---------- Recorded data

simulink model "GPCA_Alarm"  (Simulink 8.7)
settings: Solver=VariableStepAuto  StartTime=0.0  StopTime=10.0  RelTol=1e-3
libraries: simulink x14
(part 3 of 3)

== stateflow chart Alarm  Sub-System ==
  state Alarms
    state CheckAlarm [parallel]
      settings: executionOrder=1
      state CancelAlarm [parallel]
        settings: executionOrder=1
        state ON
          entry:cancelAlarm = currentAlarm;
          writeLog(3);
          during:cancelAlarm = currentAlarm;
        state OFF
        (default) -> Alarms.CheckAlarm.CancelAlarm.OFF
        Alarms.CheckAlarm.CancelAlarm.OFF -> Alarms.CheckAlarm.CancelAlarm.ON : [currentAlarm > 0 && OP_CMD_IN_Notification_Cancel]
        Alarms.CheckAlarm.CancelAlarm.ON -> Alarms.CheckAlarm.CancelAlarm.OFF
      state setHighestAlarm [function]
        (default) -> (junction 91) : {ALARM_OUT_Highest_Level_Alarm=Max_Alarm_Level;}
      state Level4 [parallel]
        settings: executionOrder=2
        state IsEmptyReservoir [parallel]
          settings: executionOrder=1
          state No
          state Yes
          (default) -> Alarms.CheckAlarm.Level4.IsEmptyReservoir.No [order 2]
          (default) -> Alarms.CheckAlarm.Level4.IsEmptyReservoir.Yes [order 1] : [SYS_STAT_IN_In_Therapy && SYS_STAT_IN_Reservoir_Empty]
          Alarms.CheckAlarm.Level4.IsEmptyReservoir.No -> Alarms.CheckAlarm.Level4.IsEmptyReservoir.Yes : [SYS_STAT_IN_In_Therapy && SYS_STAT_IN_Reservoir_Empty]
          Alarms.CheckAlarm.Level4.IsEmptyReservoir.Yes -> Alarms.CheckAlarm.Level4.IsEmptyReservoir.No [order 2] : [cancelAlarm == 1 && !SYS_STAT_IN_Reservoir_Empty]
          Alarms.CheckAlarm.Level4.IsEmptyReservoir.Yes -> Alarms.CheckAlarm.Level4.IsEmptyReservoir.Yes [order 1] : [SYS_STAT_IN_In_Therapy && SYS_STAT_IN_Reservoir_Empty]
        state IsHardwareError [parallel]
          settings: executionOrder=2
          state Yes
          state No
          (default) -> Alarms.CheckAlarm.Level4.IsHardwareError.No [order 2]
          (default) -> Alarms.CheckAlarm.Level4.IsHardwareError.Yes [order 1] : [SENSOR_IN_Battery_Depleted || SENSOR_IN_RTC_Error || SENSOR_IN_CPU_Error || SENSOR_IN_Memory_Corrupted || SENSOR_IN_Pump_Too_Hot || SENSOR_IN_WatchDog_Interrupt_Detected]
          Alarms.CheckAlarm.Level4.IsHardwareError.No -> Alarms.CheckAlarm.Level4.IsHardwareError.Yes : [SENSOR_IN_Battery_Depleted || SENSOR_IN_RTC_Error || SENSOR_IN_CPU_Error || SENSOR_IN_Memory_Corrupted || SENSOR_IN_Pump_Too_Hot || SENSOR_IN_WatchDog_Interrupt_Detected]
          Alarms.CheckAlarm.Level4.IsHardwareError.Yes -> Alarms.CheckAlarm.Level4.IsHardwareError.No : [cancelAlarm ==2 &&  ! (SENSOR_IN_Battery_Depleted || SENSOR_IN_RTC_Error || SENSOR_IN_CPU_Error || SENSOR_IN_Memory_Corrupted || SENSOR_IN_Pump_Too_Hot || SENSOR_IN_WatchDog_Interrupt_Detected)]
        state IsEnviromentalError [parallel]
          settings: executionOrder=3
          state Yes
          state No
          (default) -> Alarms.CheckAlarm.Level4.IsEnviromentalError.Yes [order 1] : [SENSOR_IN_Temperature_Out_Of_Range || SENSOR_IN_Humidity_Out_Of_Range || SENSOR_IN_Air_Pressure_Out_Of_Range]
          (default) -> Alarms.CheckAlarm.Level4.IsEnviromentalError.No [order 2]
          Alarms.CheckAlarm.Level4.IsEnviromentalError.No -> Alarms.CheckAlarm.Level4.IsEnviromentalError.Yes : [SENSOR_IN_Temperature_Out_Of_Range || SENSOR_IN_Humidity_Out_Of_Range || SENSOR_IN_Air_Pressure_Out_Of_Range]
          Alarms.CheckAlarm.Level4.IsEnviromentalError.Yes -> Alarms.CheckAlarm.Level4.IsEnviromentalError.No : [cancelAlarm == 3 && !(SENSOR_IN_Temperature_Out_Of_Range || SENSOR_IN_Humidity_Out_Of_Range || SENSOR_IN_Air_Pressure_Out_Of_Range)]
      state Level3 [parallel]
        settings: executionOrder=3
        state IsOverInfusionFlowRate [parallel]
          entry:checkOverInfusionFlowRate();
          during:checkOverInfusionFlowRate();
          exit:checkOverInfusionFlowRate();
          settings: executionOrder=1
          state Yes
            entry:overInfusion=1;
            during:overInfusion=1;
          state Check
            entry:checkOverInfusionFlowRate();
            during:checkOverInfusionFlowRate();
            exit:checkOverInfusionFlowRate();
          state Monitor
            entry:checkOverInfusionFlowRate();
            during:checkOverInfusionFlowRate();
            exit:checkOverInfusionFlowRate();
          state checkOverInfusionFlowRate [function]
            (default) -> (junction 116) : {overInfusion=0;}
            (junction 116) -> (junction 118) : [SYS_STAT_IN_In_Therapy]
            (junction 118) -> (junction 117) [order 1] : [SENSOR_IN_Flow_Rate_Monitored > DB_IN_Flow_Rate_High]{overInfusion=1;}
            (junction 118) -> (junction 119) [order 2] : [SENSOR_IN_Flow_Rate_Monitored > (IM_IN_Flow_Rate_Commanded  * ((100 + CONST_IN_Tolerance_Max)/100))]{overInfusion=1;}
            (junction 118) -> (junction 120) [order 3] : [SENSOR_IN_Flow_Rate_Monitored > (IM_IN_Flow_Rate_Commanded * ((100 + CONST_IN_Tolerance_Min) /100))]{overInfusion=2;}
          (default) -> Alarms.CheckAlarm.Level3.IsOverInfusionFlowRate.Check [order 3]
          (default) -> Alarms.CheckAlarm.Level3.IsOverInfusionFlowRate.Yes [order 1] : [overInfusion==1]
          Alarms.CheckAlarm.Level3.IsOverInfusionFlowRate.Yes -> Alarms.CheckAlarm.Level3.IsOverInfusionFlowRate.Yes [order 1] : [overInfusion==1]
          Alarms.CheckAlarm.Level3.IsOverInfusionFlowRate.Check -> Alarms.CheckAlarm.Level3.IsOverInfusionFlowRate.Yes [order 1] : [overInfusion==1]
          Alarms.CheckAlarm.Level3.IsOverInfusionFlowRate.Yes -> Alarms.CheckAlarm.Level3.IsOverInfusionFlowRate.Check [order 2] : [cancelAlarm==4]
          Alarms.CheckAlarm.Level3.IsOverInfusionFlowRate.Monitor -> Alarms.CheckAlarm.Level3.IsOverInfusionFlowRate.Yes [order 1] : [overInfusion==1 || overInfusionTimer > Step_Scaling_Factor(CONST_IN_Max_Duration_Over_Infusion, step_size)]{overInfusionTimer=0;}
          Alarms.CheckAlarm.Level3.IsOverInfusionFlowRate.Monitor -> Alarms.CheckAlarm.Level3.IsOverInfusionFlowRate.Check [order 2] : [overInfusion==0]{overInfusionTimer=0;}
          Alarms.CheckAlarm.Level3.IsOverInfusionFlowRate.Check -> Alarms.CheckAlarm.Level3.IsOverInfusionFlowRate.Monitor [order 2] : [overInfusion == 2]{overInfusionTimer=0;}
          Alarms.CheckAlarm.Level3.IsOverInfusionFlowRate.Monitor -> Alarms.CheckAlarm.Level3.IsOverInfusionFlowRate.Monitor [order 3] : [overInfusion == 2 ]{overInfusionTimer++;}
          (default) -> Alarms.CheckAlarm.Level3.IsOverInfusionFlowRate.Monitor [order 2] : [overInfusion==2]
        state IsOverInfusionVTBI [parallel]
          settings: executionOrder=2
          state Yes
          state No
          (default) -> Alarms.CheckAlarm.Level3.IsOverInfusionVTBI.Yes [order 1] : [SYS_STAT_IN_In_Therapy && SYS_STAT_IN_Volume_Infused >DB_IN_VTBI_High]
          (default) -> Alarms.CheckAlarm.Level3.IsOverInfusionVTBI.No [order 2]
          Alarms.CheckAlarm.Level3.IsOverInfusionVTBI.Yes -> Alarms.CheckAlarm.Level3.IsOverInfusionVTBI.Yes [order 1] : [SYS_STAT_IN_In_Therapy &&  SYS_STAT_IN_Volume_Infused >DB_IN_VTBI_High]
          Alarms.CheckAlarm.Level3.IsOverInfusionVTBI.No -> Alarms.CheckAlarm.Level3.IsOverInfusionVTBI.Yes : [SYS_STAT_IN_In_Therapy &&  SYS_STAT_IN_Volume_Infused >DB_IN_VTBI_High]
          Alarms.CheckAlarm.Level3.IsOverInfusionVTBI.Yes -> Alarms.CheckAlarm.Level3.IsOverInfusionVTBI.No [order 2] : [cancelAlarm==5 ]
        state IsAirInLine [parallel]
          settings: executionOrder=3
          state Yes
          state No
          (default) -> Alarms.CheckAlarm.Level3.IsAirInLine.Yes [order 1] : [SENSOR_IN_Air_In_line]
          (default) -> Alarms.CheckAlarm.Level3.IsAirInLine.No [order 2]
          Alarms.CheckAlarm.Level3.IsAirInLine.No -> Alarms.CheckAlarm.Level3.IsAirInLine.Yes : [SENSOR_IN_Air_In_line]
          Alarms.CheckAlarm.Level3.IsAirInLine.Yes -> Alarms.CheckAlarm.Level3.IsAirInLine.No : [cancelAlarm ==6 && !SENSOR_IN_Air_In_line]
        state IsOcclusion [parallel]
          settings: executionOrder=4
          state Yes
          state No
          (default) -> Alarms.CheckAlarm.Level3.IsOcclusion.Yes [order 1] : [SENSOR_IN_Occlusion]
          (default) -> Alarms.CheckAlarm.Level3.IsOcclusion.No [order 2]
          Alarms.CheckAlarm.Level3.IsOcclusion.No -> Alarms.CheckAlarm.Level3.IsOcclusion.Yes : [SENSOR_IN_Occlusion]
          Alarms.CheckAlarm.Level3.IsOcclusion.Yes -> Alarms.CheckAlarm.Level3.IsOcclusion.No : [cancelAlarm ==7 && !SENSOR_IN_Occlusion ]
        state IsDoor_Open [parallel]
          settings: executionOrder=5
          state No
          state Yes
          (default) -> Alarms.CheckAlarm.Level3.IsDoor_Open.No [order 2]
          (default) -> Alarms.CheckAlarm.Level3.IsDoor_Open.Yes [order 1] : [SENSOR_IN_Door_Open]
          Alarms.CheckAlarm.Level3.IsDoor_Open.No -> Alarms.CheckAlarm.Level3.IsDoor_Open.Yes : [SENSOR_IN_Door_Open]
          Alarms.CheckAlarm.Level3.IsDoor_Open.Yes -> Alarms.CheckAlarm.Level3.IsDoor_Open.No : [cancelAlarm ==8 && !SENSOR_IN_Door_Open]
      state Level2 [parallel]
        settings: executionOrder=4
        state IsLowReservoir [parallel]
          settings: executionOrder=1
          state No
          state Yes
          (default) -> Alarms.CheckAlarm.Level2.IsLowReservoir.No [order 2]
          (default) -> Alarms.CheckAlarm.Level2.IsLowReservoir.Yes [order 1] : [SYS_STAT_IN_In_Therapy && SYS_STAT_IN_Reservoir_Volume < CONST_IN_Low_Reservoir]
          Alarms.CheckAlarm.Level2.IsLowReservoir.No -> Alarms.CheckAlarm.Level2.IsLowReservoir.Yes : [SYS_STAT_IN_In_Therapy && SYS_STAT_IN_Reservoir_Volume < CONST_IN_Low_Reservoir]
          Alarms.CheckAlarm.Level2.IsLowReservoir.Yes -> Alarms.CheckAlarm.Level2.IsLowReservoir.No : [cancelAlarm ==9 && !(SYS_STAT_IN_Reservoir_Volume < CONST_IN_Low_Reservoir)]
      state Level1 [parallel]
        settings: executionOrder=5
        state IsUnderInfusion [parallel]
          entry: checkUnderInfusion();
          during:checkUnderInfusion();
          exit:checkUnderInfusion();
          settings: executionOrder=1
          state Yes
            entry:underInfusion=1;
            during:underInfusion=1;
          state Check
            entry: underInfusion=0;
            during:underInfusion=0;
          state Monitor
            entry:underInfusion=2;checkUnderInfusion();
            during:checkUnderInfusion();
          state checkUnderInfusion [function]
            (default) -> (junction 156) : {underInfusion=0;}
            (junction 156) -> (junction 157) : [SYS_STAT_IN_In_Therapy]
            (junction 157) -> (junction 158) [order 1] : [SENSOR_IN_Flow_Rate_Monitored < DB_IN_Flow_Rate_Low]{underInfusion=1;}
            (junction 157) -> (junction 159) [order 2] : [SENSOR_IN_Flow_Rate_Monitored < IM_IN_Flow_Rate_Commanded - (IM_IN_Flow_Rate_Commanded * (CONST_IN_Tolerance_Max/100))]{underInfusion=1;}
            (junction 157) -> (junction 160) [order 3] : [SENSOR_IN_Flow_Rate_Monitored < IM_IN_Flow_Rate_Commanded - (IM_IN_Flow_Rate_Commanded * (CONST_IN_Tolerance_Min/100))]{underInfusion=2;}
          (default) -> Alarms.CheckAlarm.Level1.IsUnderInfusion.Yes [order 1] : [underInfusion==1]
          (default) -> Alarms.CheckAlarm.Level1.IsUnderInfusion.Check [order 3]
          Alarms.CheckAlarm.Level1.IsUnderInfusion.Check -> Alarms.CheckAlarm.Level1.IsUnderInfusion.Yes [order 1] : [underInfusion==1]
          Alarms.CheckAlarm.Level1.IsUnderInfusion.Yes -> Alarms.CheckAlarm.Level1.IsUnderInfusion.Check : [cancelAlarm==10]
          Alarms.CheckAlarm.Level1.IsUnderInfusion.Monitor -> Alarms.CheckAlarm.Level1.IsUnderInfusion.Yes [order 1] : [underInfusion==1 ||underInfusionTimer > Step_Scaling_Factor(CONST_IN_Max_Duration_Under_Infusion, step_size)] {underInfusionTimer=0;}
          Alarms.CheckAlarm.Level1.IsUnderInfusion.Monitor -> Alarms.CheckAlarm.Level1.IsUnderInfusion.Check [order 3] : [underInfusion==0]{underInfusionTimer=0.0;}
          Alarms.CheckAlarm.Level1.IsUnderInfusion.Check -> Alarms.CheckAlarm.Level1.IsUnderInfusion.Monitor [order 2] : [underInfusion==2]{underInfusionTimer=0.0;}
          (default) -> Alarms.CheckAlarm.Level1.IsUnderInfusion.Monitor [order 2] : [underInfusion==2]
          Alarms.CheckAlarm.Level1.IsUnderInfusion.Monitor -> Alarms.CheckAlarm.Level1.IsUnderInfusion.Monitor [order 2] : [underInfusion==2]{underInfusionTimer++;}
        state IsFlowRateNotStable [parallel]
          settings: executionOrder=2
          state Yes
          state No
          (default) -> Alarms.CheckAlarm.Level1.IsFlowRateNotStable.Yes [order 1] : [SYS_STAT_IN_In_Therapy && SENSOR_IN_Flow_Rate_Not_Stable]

--------------------

▶ [What to do] Starting at the line that has "state IsUnderInfusion [parallel]" and ending at the line that has "(default) -> (junction 156)", please write out the lines above exactly, leaving out all others.

▶ [The answer]
        state IsUnderInfusion [parallel]
          entry: checkUnderInfusion();
          during:checkUnderInfusion();
          exit:checkUnderInfusion();
          settings: executionOrder=1
          state Yes
            entry:underInfusion=1;
            during:underInfusion=1;
          state Check
            entry: underInfusion=0;
            during:underInfusion=0;
          state Monitor
            entry:underInfusion=2;checkUnderInfusion();
            during:checkUnderInfusion();
          state checkUnderInfusion [function]
            (default) -> (junction 156) : {underInfusion=0;}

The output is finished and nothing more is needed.